Scooters now sharing the delivery lane

Sue Carpenter Dec 19, 2019
An URB-E electric folding bicycle is on display FREDERIC J. BROWN/AFP via Getty Images
HTML EMBED:
COPY

The delivery services industry is starting to think small. It’s getting away from big delivery trucks and finding more compact vehicles to get around.

One California-based company, Urb-E, makes battery-powered scooters that fold up when they’re not being used. It lately created a tow hitch for a trailer that can haul 350 pounds and collapse to the size of a carry-on bag.

Urb-E calls itself a foldable mobility company. (Sue Carpenter)

“Some of them will deploy directly from the warehouse, some will deploy from a truck,“ said co-founder Peter Lee.

Amazon is using this Urb-E system in New York City, and UPS is using it in Los Angeles.

“That couldn’t be a more welcome development,” said Seleta Reynolds, the general manager of the LA Department of Transportation.

Downtown LA streets don’t have a lot of space, Reynolds noted, meaning when delivery trucks double park, they block cars and bicycle lanes, creating traffic and safety risks. In LA, scooters are supposed to ride in bike lanes, where available.

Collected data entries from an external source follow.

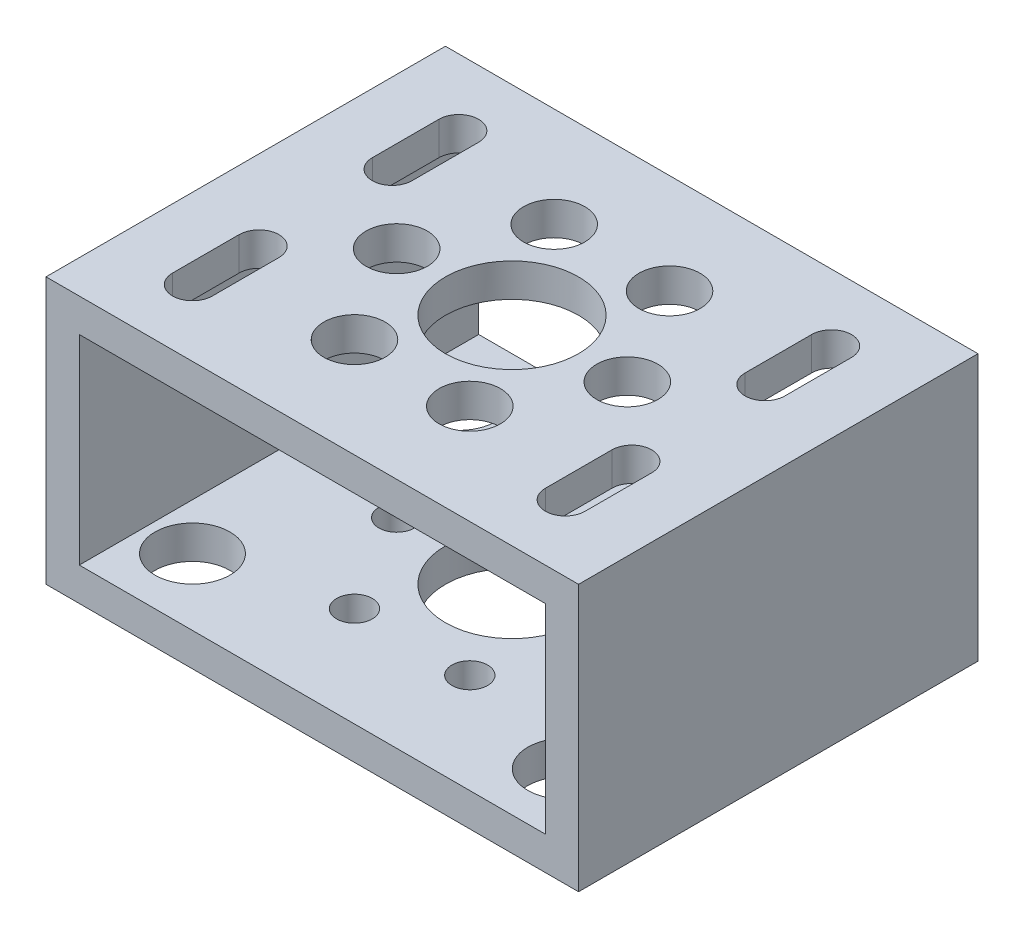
from build123d import *

# Parameters (mm, degrees)
SKETCH1_W                                      = 50.8
SKETCH1_H                                      = 25.4
SKETCH1_W_2                                    = 44.45
SKETCH1_H_2                                    = 19.05
EXTRUDE1_DEPTH                                 = 38.1
SKETCH2_R                                      = 6.35
CENTER_HOLE_DEPTH                              = 53.363441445
C_BORE_REACH                                   = 54.363
SKETCH6_R                                      = 2.921
CIRPATTERN1_COUNT                              = 6
CBORE_FOR_6_SOCKET_HEAD_CAP_SCREW1_D           = 3.7973
CBORE_FOR_6_SOCKET_HEAD_CAP_SCREW1_CBORE_D     = 7.14502
CBORE_FOR_6_SOCKET_HEAD_CAP_SCREW1_CBORE_DEPTH = 3.5052
SLOTS_REACH                                    = 54.363


with BuildPart() as part:
    # Sketch1 → Extrude1 (new body)
    with BuildSketch(Plane.XY):
        Rectangle(SKETCH1_W, SKETCH1_H)
        Rectangle(SKETCH1_W_2, SKETCH1_H_2, mode=Mode.SUBTRACT)
    extrude(amount=EXTRUDE1_DEPTH)

    # Sketch2 → center-hole (cut, through all)
    with BuildSketch(Plane(origin=(0, 12.7, 0), x_dir=(-1, 0, 0), z_dir=(0, 1, 0))):
        with Locations(Location((0, 19.05, 0), (0, 0, 90))):
            Circle(SKETCH2_R)
    extrude(amount=-CENTER_HOLE_DEPTH, mode=Mode.SUBTRACT)

    # Sketch3 → M3 Clearance Hole1 (revolve, cut)
    with BuildSketch(Plane(origin=(-11, 12.7, 19.05), x_dir=(0, 0, 1), z_dir=(1, 0, 0))):
        Polygon((0, 0), (0, 79.761463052), (1.7, 78.74), (1.7, 0), align=None)
    m3_clearance_hole1 = revolve(axis=Axis((-11, 19.05, 19.05), (0, -1, 0)), mode=Mode.SUBTRACT)

    # Sketch6 → c_bore (cut, up to next)
    with BuildSketch(Plane(origin=(0, 12.7, 0), x_dir=(-1, 0, 0), z_dir=(0, 1, 0)), mode=Mode.PRIVATE) as c_bore_sk1:
        with Locations(Location((11, 19.05, 0), (0, 0, 90))):
            Circle(SKETCH6_R)
    c_bore_tool1 = extrude(c_bore_sk1.sketch, amount=-C_BORE_REACH, mode=Mode.PRIVATE) & part.part
    c_bore = c_bore_tool1.solids().sort_by_distance((-11, 12.7, 19.05))[0]
    add(c_bore, mode=Mode.SUBTRACT)

    # CirPattern1: M3 Clearance Hole1, c_bore ×6 about axis
    cirpattern1_axis = Axis((0, 0, 19.05), (0, 1, 0))
    add([m3_clearance_hole1.rotate(cirpattern1_axis, i * 360 / CIRPATTERN1_COUNT) for i in range(1, CIRPATTERN1_COUNT)], mode=Mode.SUBTRACT)
    add([c_bore.rotate(cirpattern1_axis, i * 360 / CIRPATTERN1_COUNT) for i in range(1, CIRPATTERN1_COUNT)], mode=Mode.SUBTRACT)

    # CBORE for _6 Socket Head Cap Screw1 (through all)
    with Locations(Plane.XZ.offset(12.7)):
        with Locations((-17.78, 6.35), (17.78, 6.35), (-17.78, 31.75), (17.78, 31.75)):
            CounterBoreHole(CBORE_FOR_6_SOCKET_HEAD_CAP_SCREW1_D / 2, CBORE_FOR_6_SOCKET_HEAD_CAP_SCREW1_CBORE_D / 2, CBORE_FOR_6_SOCKET_HEAD_CAP_SCREW1_CBORE_DEPTH)

    # Sketch9 → SLOTs (cut, up to next)
    with BuildSketch(Plane(origin=(0, 12.7, 0), x_dir=(-1, 0, 0), z_dir=(0, 1, 0)), mode=Mode.PRIVATE) as slots_sk1:
        with BuildLine():
            Line((19.67865, 6.35), (19.67865, 12.7))
            ThreePointArc((19.67865, 12.7), (17.78, 14.59865), (15.88135, 12.7))
            Line((15.88135, 12.7), (15.88135, 6.35))
            ThreePointArc((15.88135, 6.35), (17.78, 4.45135), (19.67865, 6.35))
        make_face()
    slots_tool1 = extrude(slots_sk1.sketch, amount=-SLOTS_REACH, mode=Mode.PRIVATE) & part.part
    # Sketch9 → SLOTs (cut, up to next)
    with BuildSketch(Plane(origin=(0, 12.7, 0), x_dir=(-1, 0, 0), z_dir=(0, 1, 0)), mode=Mode.PRIVATE) as slots_sk2:
        with BuildLine():
            Line((15.88135, 25.4), (15.88135, 31.75))
            ThreePointArc((15.88135, 31.75), (17.78, 33.64865), (19.67865, 31.75))
            Line((19.67865, 31.75), (19.67865, 25.4))
            ThreePointArc((19.67865, 25.4), (17.78, 23.50135), (15.88135, 25.4))
        make_face()
    slots_tool2 = extrude(slots_sk2.sketch, amount=-SLOTS_REACH, mode=Mode.PRIVATE) & part.part
    # Sketch9 → SLOTs (cut, up to next)
    with BuildSketch(Plane(origin=(0, 12.7, 0), x_dir=(-1, 0, 0), z_dir=(0, 1, 0)), mode=Mode.PRIVATE) as slots_sk3:
        with BuildLine():
            Line((-19.67865, 31.75), (-19.67865, 25.4))
            ThreePointArc((-19.67865, 25.4), (-17.78, 23.50135), (-15.88135, 25.4))
            Line((-15.88135, 25.4), (-15.88135, 31.75))
            ThreePointArc((-15.88135, 31.75), (-17.78, 33.64865), (-19.67865, 31.75))
        make_face()
    slots_tool3 = extrude(slots_sk3.sketch, amount=-SLOTS_REACH, mode=Mode.PRIVATE) & part.part
    # Sketch9 → SLOTs (cut, up to next)
    with BuildSketch(Plane(origin=(0, 12.7, 0), x_dir=(-1, 0, 0), z_dir=(0, 1, 0)), mode=Mode.PRIVATE) as slots_sk4:
        with BuildLine():
            Line((-15.88135, 12.7), (-15.88135, 6.35))
            ThreePointArc((-15.88135, 6.35), (-17.78, 4.45135), (-19.67865, 6.35))
            Line((-19.67865, 6.35), (-19.67865, 12.7))
            ThreePointArc((-19.67865, 12.7), (-17.78, 14.59865), (-15.88135, 12.7))
        make_face()
    slots_tool4 = extrude(slots_sk4.sketch, amount=-SLOTS_REACH, mode=Mode.PRIVATE) & part.part
    add(slots_tool1.solids().sort_by_distance((-17.78, 12.7, 9.525))[0], mode=Mode.SUBTRACT)
    add(slots_tool2.solids().sort_by_distance((-17.78, 12.7, 28.575))[0], mode=Mode.SUBTRACT)
    add(slots_tool3.solids().sort_by_distance((17.78, 12.7, 28.575))[0], mode=Mode.SUBTRACT)
    add(slots_tool4.solids().sort_by_distance((17.78, 12.7, 9.525))[0], mode=Mode.SUBTRACT)


solid = part.part

Increasing demand for faster deliveries is part of what’s driving companies to experiment.

“The smaller those vehicles are — if they’re able to use bike lanes, park on a sidewalk or in a corner of an alley — that allows a lot more flexibility than a big truck on the curb,” said Juan Matute, deputy director of UCLA’s Institute of Transportation Studies.

The move to electric scooters comes as the U.S. parcel delivery service industry is growing. In 2019, IBISWorld says it increased 5%, to $109 billion. And many of those services are looking for different ways to get around. Will additional scooters just mean more congestion on sidewalks and bike lanes?

“There just needs to be a higher level of respect from all deliveries,” said Eli Akira Kaufman, executive director of the nonprofit LA County Bicycle Coalition. “Whether it’s on a scooter, on a bike, or in a van, that lane needs to be respected as a free-flowing space.”

Those free-flowing spaces keep expanding. Amazon has talked about using drones for deliveries. In certain markets UPS already uses snowmobiles, horse-drawn carriages, even gondolas.